Collected data entries

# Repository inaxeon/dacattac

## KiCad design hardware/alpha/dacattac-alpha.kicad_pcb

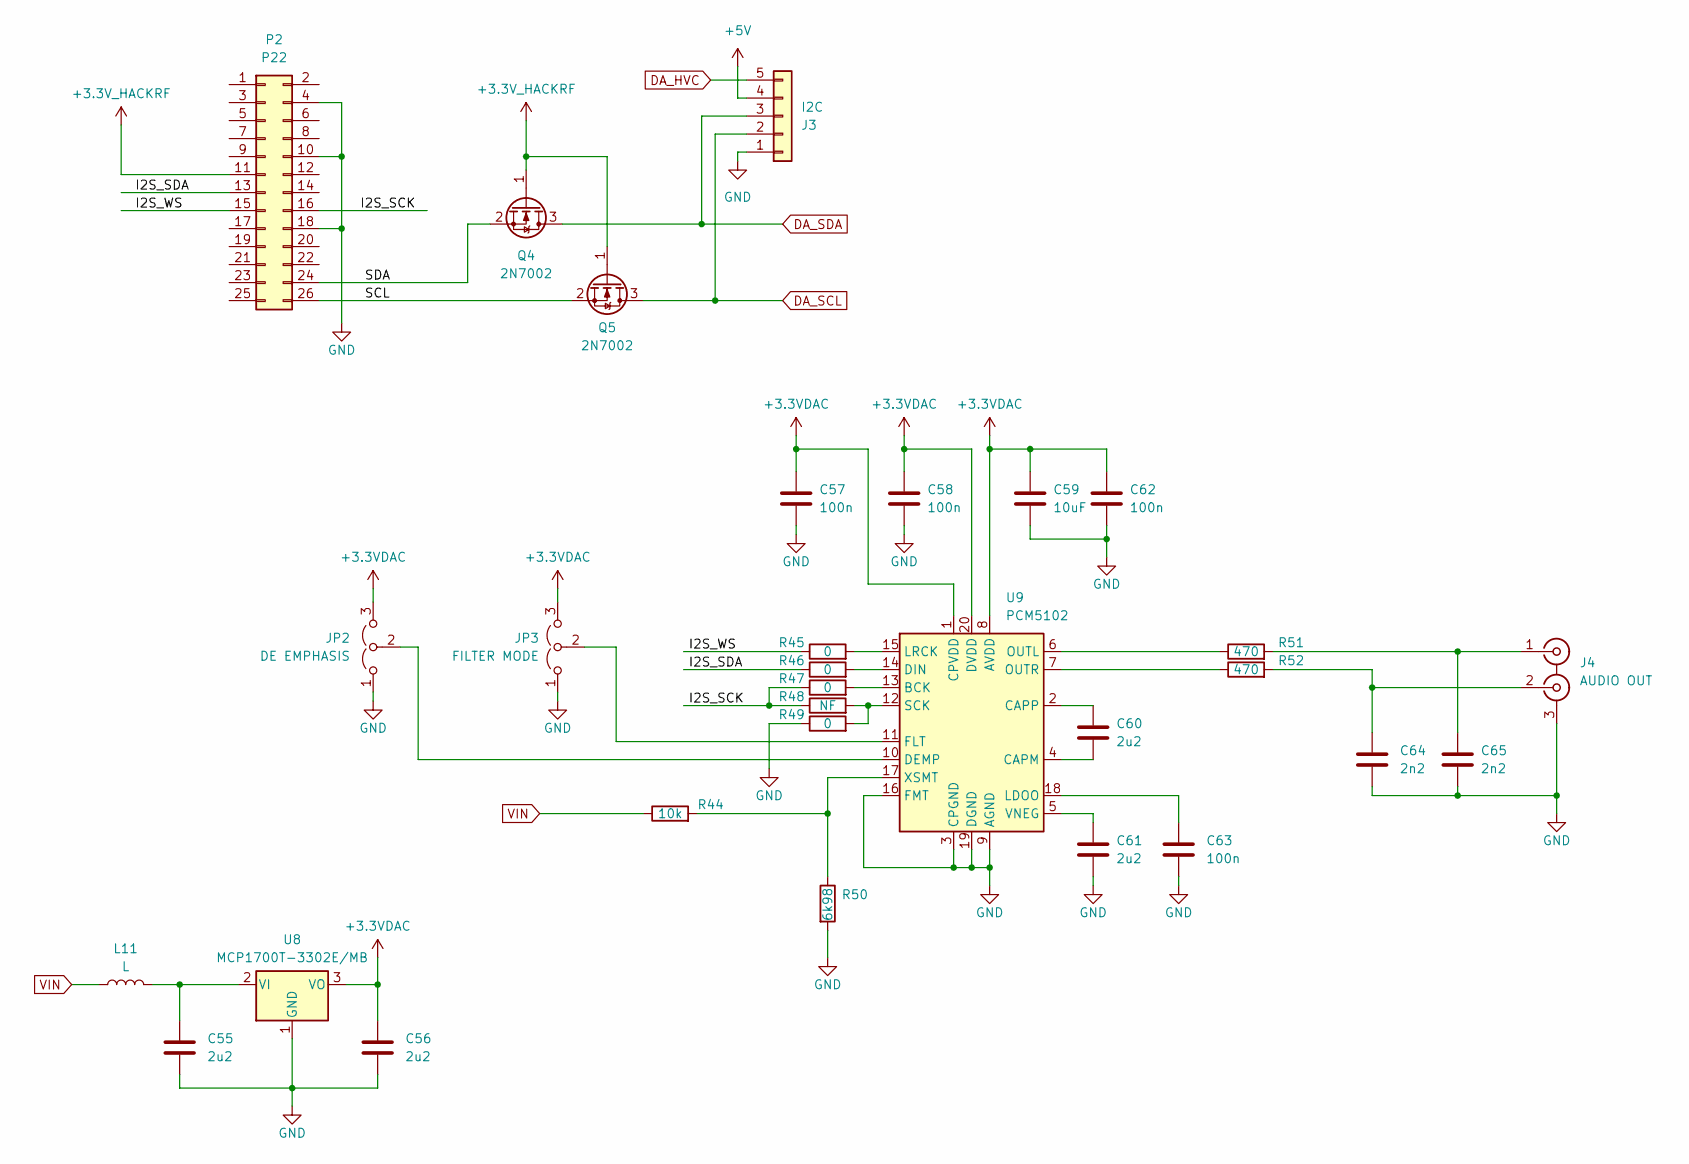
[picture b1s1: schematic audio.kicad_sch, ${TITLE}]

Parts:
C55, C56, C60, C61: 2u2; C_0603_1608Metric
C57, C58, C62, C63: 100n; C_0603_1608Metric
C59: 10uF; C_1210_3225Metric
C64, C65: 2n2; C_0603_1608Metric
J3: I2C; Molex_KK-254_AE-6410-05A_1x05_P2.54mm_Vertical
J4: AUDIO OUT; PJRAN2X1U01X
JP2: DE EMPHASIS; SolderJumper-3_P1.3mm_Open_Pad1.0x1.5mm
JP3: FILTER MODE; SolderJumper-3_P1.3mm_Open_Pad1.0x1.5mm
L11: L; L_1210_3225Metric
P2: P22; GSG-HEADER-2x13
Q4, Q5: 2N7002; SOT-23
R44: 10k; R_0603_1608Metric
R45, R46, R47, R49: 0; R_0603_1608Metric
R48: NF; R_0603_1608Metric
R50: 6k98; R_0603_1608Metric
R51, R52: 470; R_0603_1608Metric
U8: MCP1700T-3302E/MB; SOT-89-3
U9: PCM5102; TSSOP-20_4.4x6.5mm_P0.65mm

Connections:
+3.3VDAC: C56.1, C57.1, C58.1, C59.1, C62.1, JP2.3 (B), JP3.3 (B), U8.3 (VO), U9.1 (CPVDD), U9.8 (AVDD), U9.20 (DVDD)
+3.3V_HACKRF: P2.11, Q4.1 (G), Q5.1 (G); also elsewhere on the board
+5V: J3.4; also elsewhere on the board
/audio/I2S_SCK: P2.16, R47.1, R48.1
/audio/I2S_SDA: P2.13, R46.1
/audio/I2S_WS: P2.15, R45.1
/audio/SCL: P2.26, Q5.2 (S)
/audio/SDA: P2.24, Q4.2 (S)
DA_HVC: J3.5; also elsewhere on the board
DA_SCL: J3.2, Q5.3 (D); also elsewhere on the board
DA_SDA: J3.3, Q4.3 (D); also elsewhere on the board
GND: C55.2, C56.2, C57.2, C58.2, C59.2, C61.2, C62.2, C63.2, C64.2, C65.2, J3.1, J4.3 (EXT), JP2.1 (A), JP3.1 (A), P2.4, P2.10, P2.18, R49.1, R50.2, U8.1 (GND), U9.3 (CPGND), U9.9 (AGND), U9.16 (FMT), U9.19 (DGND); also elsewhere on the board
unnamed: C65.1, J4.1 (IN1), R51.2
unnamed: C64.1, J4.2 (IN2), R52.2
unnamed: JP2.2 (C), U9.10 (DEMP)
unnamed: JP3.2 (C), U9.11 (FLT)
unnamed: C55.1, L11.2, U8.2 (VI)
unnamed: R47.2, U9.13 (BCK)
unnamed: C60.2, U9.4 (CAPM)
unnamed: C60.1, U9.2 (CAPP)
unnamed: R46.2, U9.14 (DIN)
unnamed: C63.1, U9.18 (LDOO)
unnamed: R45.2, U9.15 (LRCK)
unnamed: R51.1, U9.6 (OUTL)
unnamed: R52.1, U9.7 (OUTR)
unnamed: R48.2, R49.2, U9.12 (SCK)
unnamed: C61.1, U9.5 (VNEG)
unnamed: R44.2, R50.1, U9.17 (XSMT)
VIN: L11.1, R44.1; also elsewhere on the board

Task ▸ Go through the entries above and count the lines containing "also". Give the number only.

Exercise solution ▸ 7